Judges does indeed recount one chapter in Israel’s history and in the unfolding drama of God’s redemption of the whole cosmos. The book portrays historical events from the settlement period (that period between the conquest of Canaan and the rise of monarchy in Israel), but its purpose is not merely historical. Crucial for reading Judges theologically is to grasp that its purpose is not historical but instructional. In other words, not every event from the settlement period of Israel’s history known to the author was included in the book and the events which are included were carefully chosen, arranged, and interpreted to instruct subsequent generations. If this is the case, what instruction does the book provide its audience, then and now?

Reading Judges as a Piece of Instructional Literature (i.e., History with a Purpose)

Ultimately and in various ways, Judges urges covenant allegiance to Yahweh that results in comprehensive societal flourishing (i.e., blessing) for Israel that spills out to the nations. It does so negatively by portraying the profoundly devastating results of a people which has rebelled against Yahweh, has become subservient to foreign gods, and has consistently ordered its society according to the principles and practices of the foreign nations—the result is comprehensive societal failure.

The book’s message of covenantal allegiance to King Yahweh (which leads to a rightly ordered society and comprehensive blessing) is communicated in every so many subtle and not-so-subtle ways in the book. Let me highlight three ways distinct ways (in the beginning, the middle, and the end of the book) that the narrator emphasizes this explicitly, providing a framework for the book.

“And the people served Yahweh all the days of Joshua, and all the days of the elders who outlived Joshua, who had seen all the great work that Yahweh had done for Israel [and they died]…and there arose another generation after them who did not know Yahweh or the work that he had done for Israel” (2:7, 10).

Here in the introduction of the book is the key to understanding the whole book (and settlement period of Israel’s history), which will be hammered home again and again in the book.
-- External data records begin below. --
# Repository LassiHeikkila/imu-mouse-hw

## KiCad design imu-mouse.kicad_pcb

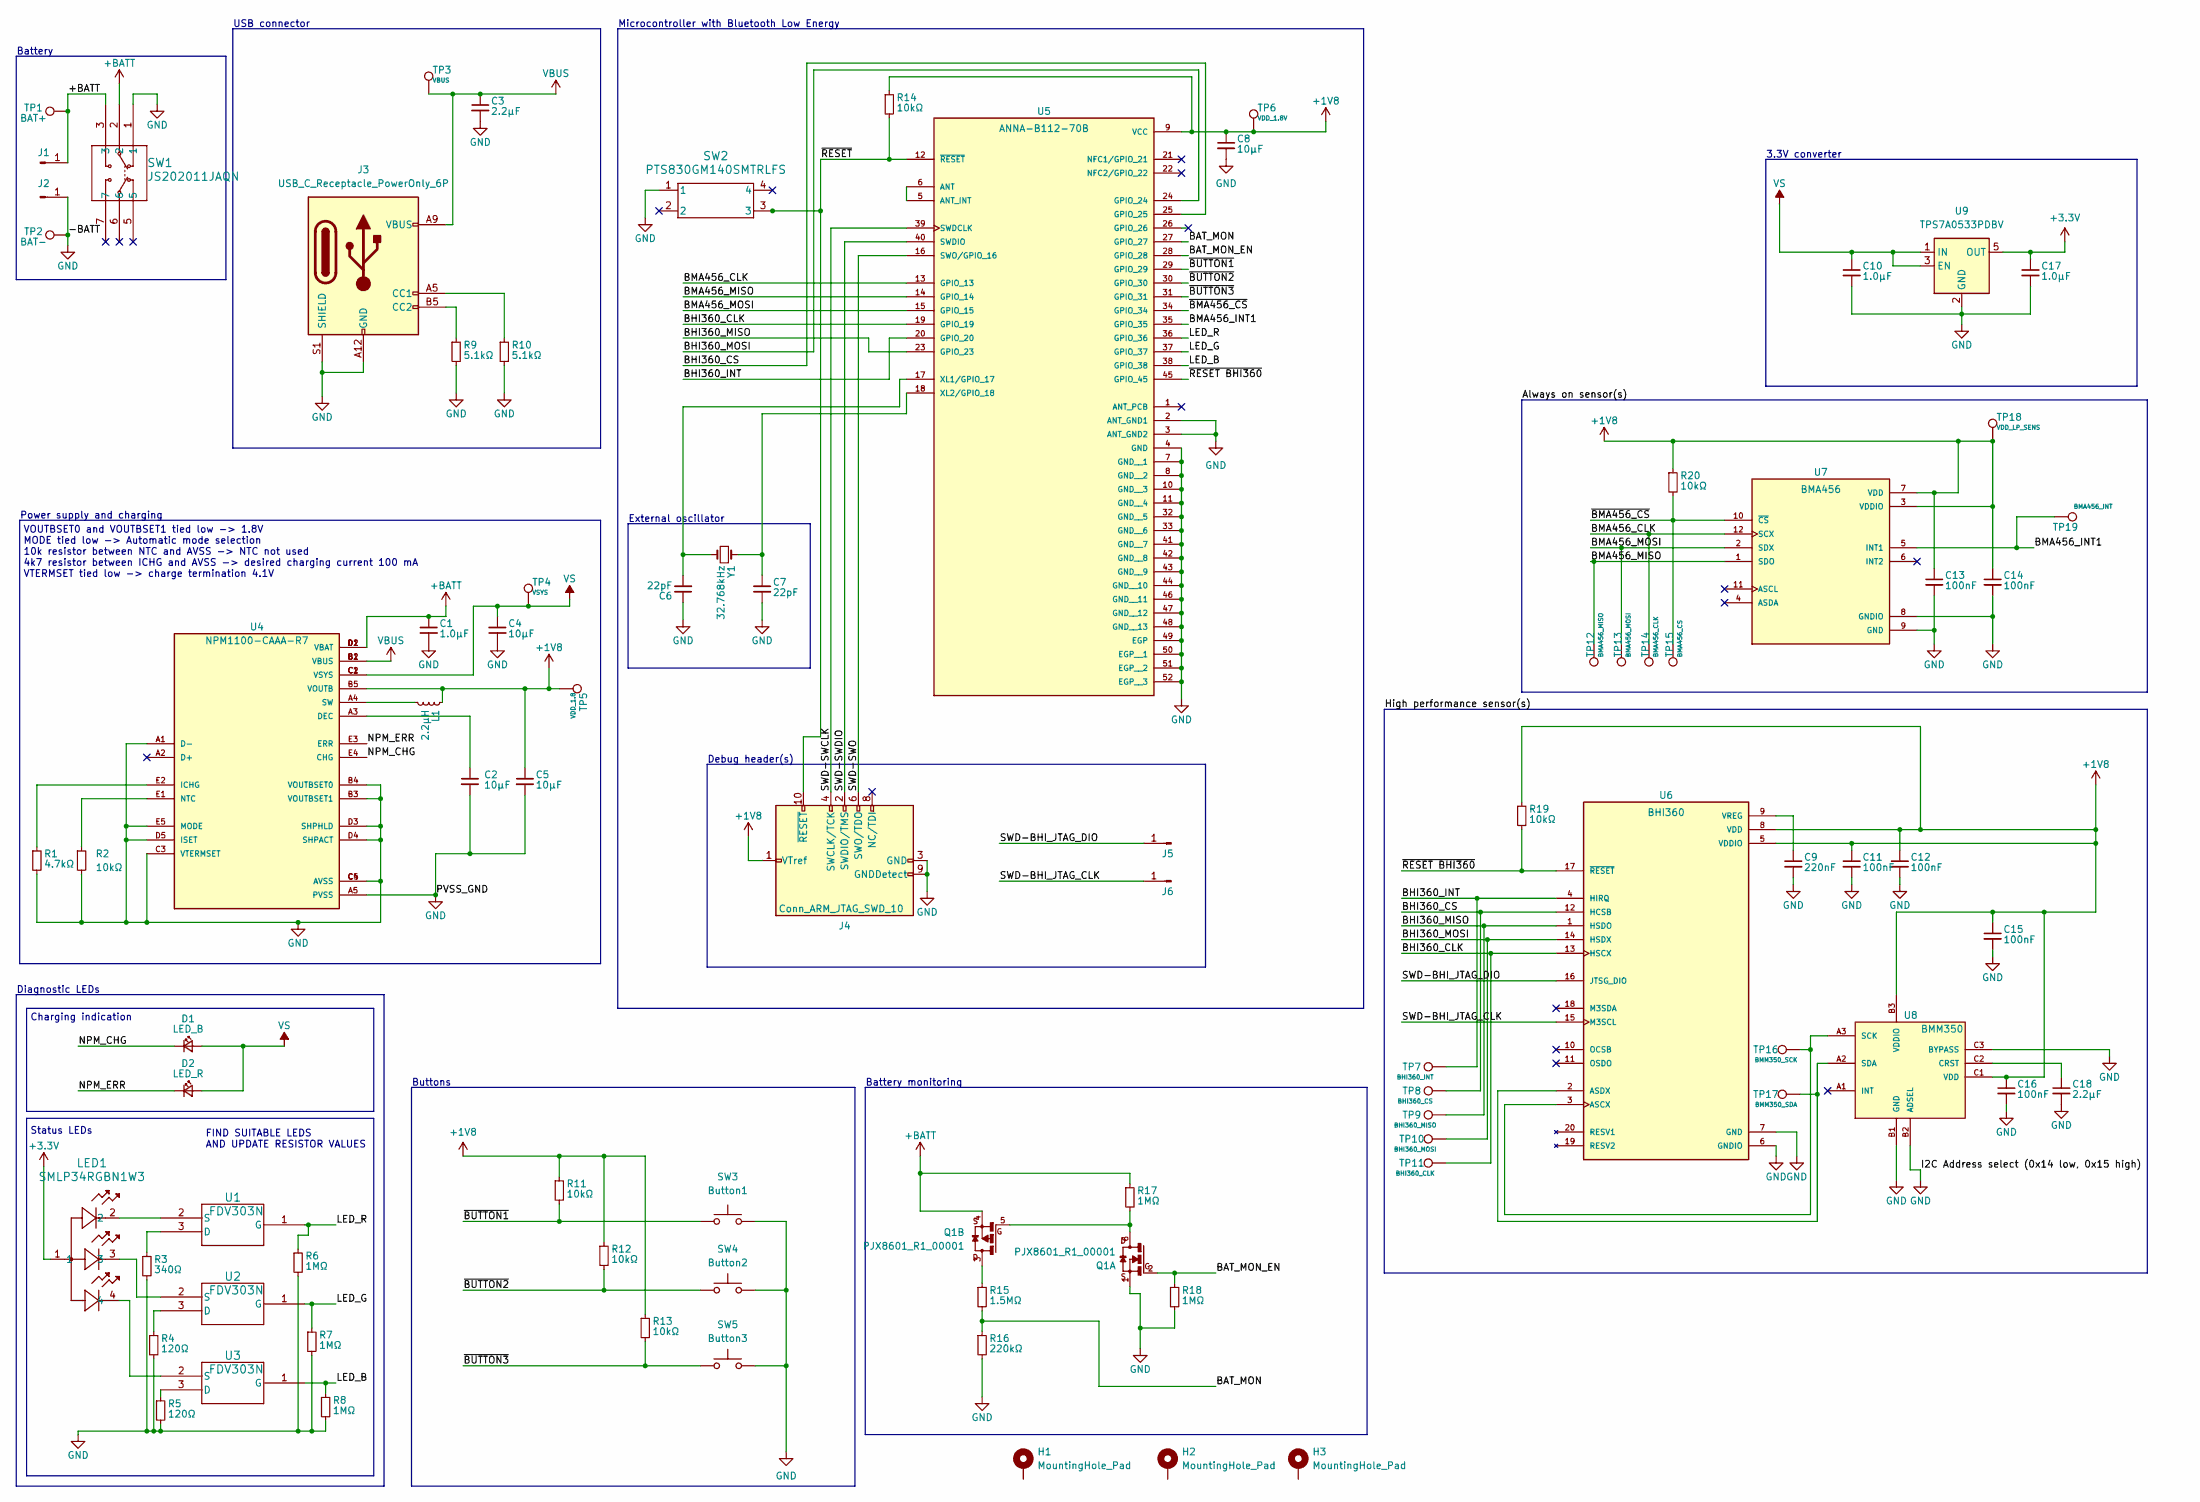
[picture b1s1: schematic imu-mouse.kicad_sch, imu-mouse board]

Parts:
C1, C10, C17: 1.0µF; C_0805_2012Metric; DigiKey_Part_Number CC0805KKX7R8BB105
C2, C4, C5, C8: 10µF; C_0805_2012Metric; DigiKey_Part_Number CC0805KKX7R6BB106
C3, C18: 2.2µF; C_0805_2012Metric; DigiKey_Part_Number CC0805KRX5R7BB225
C6, C7: 22pF; C_0805_2012Metric; DigiKey_Part_Number CC0805KKX7R6BB106
C9: 220nF; C_0805_2012Metric; DigiKey_Part_Number CC0805KRX7R8BB224
C11, C12, C13, C14, C15, C16: 100nF; C_0805_2012Metric; DigiKey_Part_Number CC0805KRX7R9BB104
D1: LED_B; LED_0805_2012Metric; DigiKey_Part_Number 150080BS75000
D2: LED_R; LED_0805_2012Metric; DigiKey_Part_Number 150080RS75000
H1, H2, H3: MountingHole_Pad; MountingHole_3.5mm_Pad
J1, J2, J5, J6: Conn_01x01_Pin; SolderWire-0.1sqmm_1x01_D0.4mm_OD1mm
J3: USB_C_Receptacle_PowerOnly_6P; USB_C_Receptacle_GCT_USB4125-xx-x_6P_TopMnt_Horizontal; DigiKey_Part_Number USB4125-GF-A
J4: Conn_ARM_JTAG_SWD_10; PinHeader_2x05_P1.27mm_Vertical; DigiKey_Part_Number FTSH-105-01-L-DV-007-K
L1: 2.2µH; L_0805_2012Metric; DigiKey_Part_Number dfe201210u-2r2m-p2
LED1: SMLP34RGBN1W3; SMLP34_ROM; DigiKey_Part_Number SMLP34RGBN1W3
Q1: PJX8601_R1_00001; SOT50P160X60-6N; DigiKey_Part_Number PJX8601-R1-00001
R1: 4.7kΩ; R_0805_2012Metric; DigiKey_Part_Number RC0805FR-071K5L
R2, R11, R12, R13, R14, R19, R20: 10kΩ; R_0805_2012Metric; DigiKey_Part_Number RT0805FRE0710KL
R3: 340Ω; R_0805_2012Metric; DigiKey_Part_Number RC0805FR-07330RL
R4, R5: 120Ω; R_0805_2012Metric; DigiKey_Part_Number RT0805FRE07120RL
R6, R7, R8, R17, R18: 1MΩ; R_0805_2012Metric; DigiKey_Part_Number RC0805FR-071ML
R9, R10: 5.1kΩ; R_0805_2012Metric; DigiKey_Part_Number RC0805JR-075K1L
R15: 1.5MΩ; R_0805_2012Metric; DigiKey_Part_Number RT0805FRE071M5L
R16: 220kΩ; R_0805_2012Metric; DigiKey_Part_Number RT0805FRE07220KL
SW1: JS202011JAQN; DigiKey_Part_Number JS202011JAQN
SW2: PTS830GM140SMTRLFS; SWITCH_0SMTRLFS; DigiKey_Part_Number PTS830GM140-SMTR-LFS
SW3: Button1; SW_SPST_PTS645; DigiKey_Part_Number PTS645SL43SMTR92-LFS
SW4: Button2; SW_SPST_PTS645; DigiKey_Part_Number PTS645SL43SMTR92-LFS
SW5: Button3; SW_SPST_PTS645; DigiKey_Part_Number PTS645SL43SMTR92-LFS
TP1: BAT+; TestPoint_Pad_D1.0mm
TP2: BAT-; TestPoint_Pad_D1.0mm
TP3: VBUS; TestPoint_Pad_D1.0mm
TP4: VSYS; TestPoint_Pad_D1.0mm
TP5: VDD_1.8; TestPoint_Pad_D1.0mm
TP6: VDD_1.8V; TestPoint_Pad_D1.0mm
TP7: BHI360_INT; TestPoint_Pad_D1.0mm
TP8: BHI360_CS; TestPoint_Pad_D1.0mm
TP9: BHI360_MISO; TestPoint_Pad_D1.0mm
TP10: BHI360_MOSI; TestPoint_Pad_D1.0mm
TP11: BHI360_CLK; TestPoint_Pad_D1.0mm
TP12: BMA456_MISO; TestPoint_Pad_D1.0mm
TP13: BMA456_MOSI; TestPoint_Pad_D1.0mm
TP14: BMA456_CLK; TestPoint_Pad_D1.0mm
TP15: BMA456_CS; TestPoint_Pad_D1.0mm
TP16: BMM350_SCK; TestPoint_Pad_D1.0mm
TP17: BMM350_SDA; TestPoint_Pad_D1.0mm
TP18: VDD_LP_SENS; TestPoint_Pad_D1.0mm
TP19: BMA456_INT; TestPoint_Pad_D1.0mm
U1, U2, U3: FDV303N; SOT-23-3L_FAS; DigiKey_Part_Number FDV303N
U4: NPM1100-CAAA-R7; BGA25C40P5X5_207X207X52N; DigiKey_Part_Number npm1100-caab-r
U5: ANNA-B112-70B; XCVR_ANNA-B112-70B; DigiKey_Part_Number anna-b112-70b
U6: BHI360; XDCR_BHI360; DigiKey_Part_Number bhi360
U7: BMA456; XDCR_BMA456; DigiKey_Part_Number bma456
U8: BMM350; BGA9C40P3X3_128X128X50; DigiKey_Part_Number BMM350
U9: TPS7A0533PDBV; SOT-23-5; DigiKey_Part_Number TPS7A0533PDBVR
Y1: 32.768kHz; Crystal_SMD_2012-2Pin_2.0x1.2mm; DigiKey_Part_Number FC-12M-32-7680KD-A0

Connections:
+1V8: C5.1, C8.1, C11.1, C12.1, C13.1, C14.1, C15.1, C16.1, J4.1 (VTref), L1.1, R11.1, R12.1, R13.1, R14.1, R19.1, R20.1, TP5.1, TP6.1, TP18.1, U4.B5 (VOUTB), U5.9 (VCC), U6.5 (VDDIO), U6.8 (VDD), U7.3 (VDDIO), U7.7 (VDD), U8.B3 (VDDIO), U8.C1 (VDD); also elsewhere on the board
+3.3V: C17.1, LED1.1, U9.5 (OUT)
+BATT: C1.1, J1.1, Q1.4, R17.1, SW1.2, SW1.3, TP1.1, U4.D1 (VBAT), U4.D2 (VBAT)
/BAT_MON: R15.2, R16.1, U5.27 (GPIO_27); also elsewhere on the board
/BAT_MON_EN: Q1.2, R18.1, U5.28 (GPIO_28); also elsewhere on the board
/BHI360_CLK: TP11.1, U5.19 (GPIO_19), U6.13 (HSCX); also elsewhere on the board
/BHI360_CS: TP8.1, U5.25 (GPIO_25), U6.12 (HCSB); also elsewhere on the board
/BHI360_INT: TP7.1, U5.20 (GPIO_20), U6.4 (HIRQ); also elsewhere on the board
/BHI360_MISO: TP9.1, U5.23 (GPIO_23), U6.1 (HSDO); also elsewhere on the board
/BHI360_MOSI: TP10.1, U5.24 (GPIO_24), U6.14 (HSDX); also elsewhere on the board
/BMA456_CLK: TP14.1, U5.13 (GPIO_13), U7.12 (SCX); also elsewhere on the board
/BMA456_INT1: TP19.1, U5.35 (GPIO_35), U7.5 (INT1); also elsewhere on the board
/BMA456_MISO: TP12.1, U5.14 (GPIO_14), U7.1 (SDO); also elsewhere on the board
/BMA456_MOSI: TP13.1, U5.15 (GPIO_15), U7.2 (SDX); also elsewhere on the board
/LED_B: R8.1, U3.1 (G), U5.38 (GPIO_38); also elsewhere on the board
/LED_G: R7.1, U2.1 (G), U5.37 (GPIO_37); also elsewhere on the board
/LED_R: R6.1, U1.1 (G), U5.36 (GPIO_36); also elsewhere on the board
/NPM_CHG: D1.1 (K), U4.E4 (CHG)
/NPM_ERR: D2.1 (K), U4.E3 (ERR)
/SWD-BHI_JTAG_CLK: J6.1, U6.15 (M3SCL)
/SWD-BHI_JTAG_DIO: J5.1, U6.16 (JTSG_DIO)
/SWD-SWCLK: J4.4 (SWCLK/TCK), U5.39 (SWDCLK); also elsewhere on the board
/SWD-SWDIO: J4.2 (SWDIO/TMS), U5.40 (SWDIO); also elsewhere on the board
/SWD-SWO: J4.6 (SWO/TDO), U5.16 (SWO/GPIO_16); also elsewhere on the board
/~BMA456_CS: R20.2, TP15.1, U5.34 (GPIO_34), U7.10 (~CS); also elsewhere on the board
/~BUTTON1: R11.2, SW3.1, U5.29 (GPIO_29); also elsewhere on the board
/~BUTTON2: R12.2, SW4.1, U5.30 (GPIO_30); also elsewhere on the board
/~BUTTON3: R13.2, SW5.1, U5.31 (GPIO_31); also elsewhere on the board
/~RESET BHI360: R19.2, U5.45 (GPIO_45), U6.17 (~RESET); also elsewhere on the board
/~RESET: J4.10 (~RESET), R14.2, SW2.3, U5.12 (~RESET); also elsewhere on the board
GND: C1.2, C2.2, C3.2, C4.2, C5.2, C6.1, C7.2, C8.2, C9.2, C10.2, C11.2, C12.2, C13.2, C14.2, C15.2, C16.2, C17.2, C18.2, J2.1, J3.A12 (GND), J3.B12 (GND), J3.S1 (SHIELD), J4.3 (GND), J4.5 (GND), J4.9 (GNDDetect), Q1.1, R1.2, R2.2, R3.2, R4.2, R5.2, R6.2, R7.2, R8.2, R9.2, R10.2, R16.2, R18.2, SW1.1, SW2.1, SW3.2, SW4.2, SW5.2, TP2.1, U4.A1 (D-), U4.A5 (PVSS), U4.B3 (VOUTBSET1), U4.B4 (VOUTBSET0), U4.C3 (VTERMSET), U4.C4 (AVSS), U4.C5 (AVSS), U4.D3 (SHPHLD), U4.D4 (SHPACT), U4.D5 (ISET), U4.E5 (MODE), U5.2 (ANT_GND1), U5.3 (ANT_GND2), U5.4 (GND), U5.7 (GND__1), U5.8 (GND__2), U5.10 (GND__3), U5.11 (GND__4), U5.32 (GND__5), U5.33 (GND__6), U5.41 (GND__7), U5.42 (GND__8), U5.43 (GND__9), U5.44 (GND__10), U5.46 (GND__11), U5.47 (GND__12), U5.48 (GND__13), U5.49 (EGP), U5.50 (EGP__1), U5.51 (EGP__2), U5.52 (EGP__3), U6.6 (GNDIO), U6.7 (GND), U7.8 (GNDIO), U7.9 (GND), U8.B1 (GND), U8.B2 (ADSEL), U8.C3 (BYPASS), U9.2 (GND); also elsewhere on the board
unnamed: J3.A5 (CC1), R10.1
unnamed: J3.B5 (CC2), R9.1
unnamed: Q1.3, R15.1
unnamed: Q1.5, Q1.6, R17.2
unnamed: R3.1, U1.3 (D)
unnamed: LED1.2, U1.2 (S)
unnamed: R4.1, U2.3 (D)
unnamed: LED1.3, U2.2 (S)
unnamed: R5.1, U3.3 (D)
unnamed: LED1.4, U3.2 (S)
unnamed: C2.1, U4.A3 (DEC)
unnamed: R1.1, U4.E2 (ICHG)
unnamed: R2.1, U4.E1 (NTC)
unnamed: L1.2, U4.A4 (SW)
unnamed: U5.5 (ANT_INT), U5.6 (ANT)
unnamed 47: C6.2, U5.17 (XL1/GPIO_17), Y1.2; also elsewhere on the board
unnamed 48: C7.1, U5.18 (XL2/GPIO_18), Y1.1; also elsewhere on the board
unnamed: TP16.1, U6.3 (ASCX), U8.A3 (SCK)
unnamed: TP17.1, U6.2 (ASDX), U8.A2 (SDA)
unnamed: C9.1, U6.9 (VREG)
unnamed: C18.1, U8.C2 (CRST)
VBUS: C3.1, J3.A9 (VBUS), J3.B9 (VBUS), TP3.1, U4.B1 (VBUS), U4.B2 (VBUS)
VS: C4.1, C10.1, D1.2 (A), D2.2 (A), TP4.1, U4.C1 (VSYS), U4.C2 (VSYS), U9.1 (IN), U9.3 (EN)

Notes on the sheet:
USB connector
Microcontroller with Bluetooth Low Energy
Power supply and charging
External oscillator
VOUTBSET0 and VOUTBSET1 tied low -> 1.8V MODE tied low -> Automatic mode selection 10k resistor between NTC and AVSS -> NTC not used 4k7 resistor between ICHG and AVSS -> desired charging current 100 mA VTERMSET tied low -> charge termination 4.1V
FIND SUITABLE LEDS AND UPDATE RESISTOR VALUES
Diagnostic LEDs
Debug header(s)
Buttons
Battery monitoring
Status LEDs
Charging indication
Battery
3.3V converter

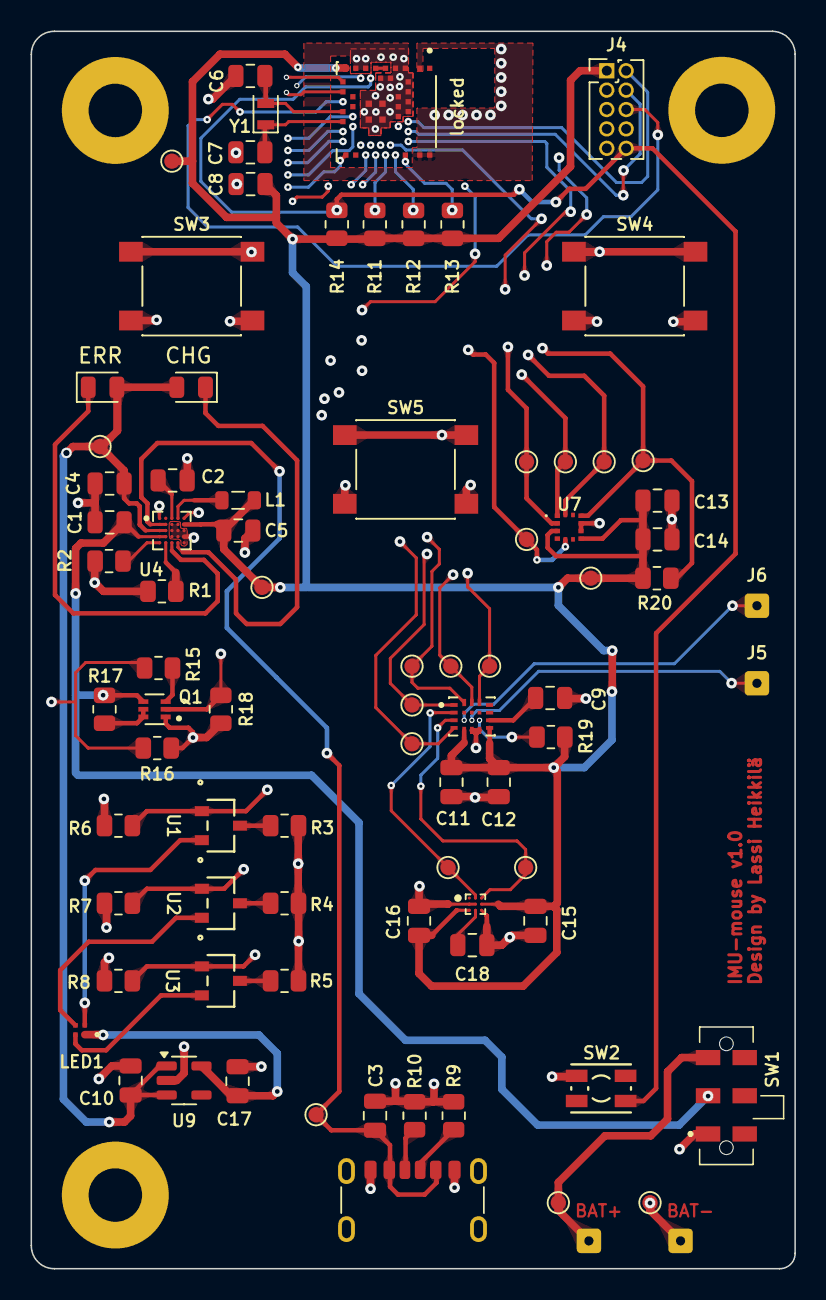
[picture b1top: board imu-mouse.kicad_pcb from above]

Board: 4 copper layers, 50.0 x 81.0 mm, 86 parts (0 on the bottom side), 54 nets.

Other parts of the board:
locked: ANNA-B112-70B; XCVR_ANNA-B112-70B

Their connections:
+1V8: locked.9 (VCC); also elsewhere on the board
/BAT_MON: locked.27 (GPIO_27); also elsewhere on the board
/BAT_MON_EN: locked.28 (GPIO_28); also elsewhere on the board
/BHI360_CLK: locked.19 (GPIO_19); also elsewhere on the board
/BHI360_CS: locked.25 (GPIO_25); also elsewhere on the board
/BHI360_INT: locked.20 (GPIO_20); also elsewhere on the board
/BHI360_MISO: locked.23 (GPIO_23); also elsewhere on the board
/BHI360_MOSI: locked.24 (GPIO_24); also elsewhere on the board
/BMA456_CLK: locked.13 (GPIO_13); also elsewhere on the board
/BMA456_INT1: locked.35 (GPIO_35); also elsewhere on the board
/BMA456_MISO: locked.14 (GPIO_14); also elsewhere on the board
/BMA456_MOSI: locked.15 (GPIO_15); also elsewhere on the board
/LED_B: locked.38 (GPIO_38); also elsewhere on the board
/LED_G: locked.37 (GPIO_37); also elsewhere on the board
/LED_R: locked.36 (GPIO_36); also elsewhere on the board
/SWD-SWCLK: locked.39 (SWDCLK); also elsewhere on the board
/SWD-SWDIO: locked.40 (SWDIO); also elsewhere on the board
/SWD-SWO: locked.16 (SWO/GPIO_16); also elsewhere on the board
/~BMA456_CS: locked.34 (GPIO_34); also elsewhere on the board
/~BUTTON1: locked.29 (GPIO_29); also elsewhere on the board
/~BUTTON2: locked.30 (GPIO_30); also elsewhere on the board
/~BUTTON3: locked.31 (GPIO_31); also elsewhere on the board
/~RESET BHI360: locked.45 (GPIO_45); also elsewhere on the board
/~RESET: locked.12 (~RESET); also elsewhere on the board
GND: locked.2 (ANT_GND1), locked.3 (ANT_GND2), locked.4 (GND), locked.7 (GND__1), locked.8 (GND__2), locked.10 (GND__3), locked.11 (GND__4), locked.32 (GND__5), locked.33 (GND__6), locked.41 (GND__7), locked.42 (GND__8), locked.43 (GND__9), locked.44 (GND__10), locked.46 (GND__11), locked.47 (GND__12), locked.48 (GND__13), locked.49 (EGP), locked.50 (EGP__1), locked.51 (EGP__2), locked.52 (EGP__3); also elsewhere on the board
unnamed: locked.5 (ANT_INT), locked.6 (ANT)
unnamed 47: locked.17 (XL1/GPIO_17); also elsewhere on the board
unnamed 48: locked.18 (XL2/GPIO_18); also elsewhere on the board

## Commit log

2024-06-25 Commit whole KiCad project, v1

The Old Testament sense of “knowing” here is not merely cognitive but is richer and thicker than that—it implies an intimate knowledge which forms the identity and shapes way of being/ethic of the knower. Deuteronomy urges various methods of remembering/not forgetting (i.e., knowing) Yahweh and his redemptive and preserving work—practices like the rehearsing of stories, the performing of rituals, and the singing of songs.[1] Clearly these “memory-enforcing” (which is to say loyalty-inspiring and identity-forming) habits had either been abandoned or distorted, and the result is that Israel became vulnerable and susceptible to other divine allegiances/influences. Which leads to the middle section of the book and a refrain we find there.

“Israel did evil in the eyes of Yahweh and served the [foreign gods]” (with some variation see for example 2:11, 13, 19; 3:6, 7; 10:6, 10, 13).

Framing the exploits of the judges are these phrases which indicate the narrator’s (and God’s) evaluation of the situation—of what is actually going in and through the events. On one side of the coin is the concept of “doing evil in the eyes of Yahweh” which is short hand language for covenant-breaking and amounts to rejecting God’s rightful status as divine king (see also the language of “abandoning” [2:12, 13], “forgetting” [3:7], “not remembering” [8:34], “disobeying” [6:10], and “forsaking” [10:6] Yahweh). On the other side of the coin is the notion of Israel’s allegiance to the foreign deities, which is most often expressed with the language of “serving” (which is ironic given Israel’s three-fold commitment to serving Yahweh at the end of Joshua) but also of “going after” (2:12, 19; 10:14), “bowing down to/worshiping” (2:12, 17, 19), “fearing” (6:10), and “whoring after” (2:17; 8:27, 33) the Canaanite gods. Whether rejecting Yahweh or devoting themselves to the foreign gods, the result is the same: the chaos that the events of the book demonstrate.

“In those days, there was no king in Israel, everyone did what was right in one’s own eyes” (17:5; 21:25 and in an abbreviated form in 18:1; 19:1).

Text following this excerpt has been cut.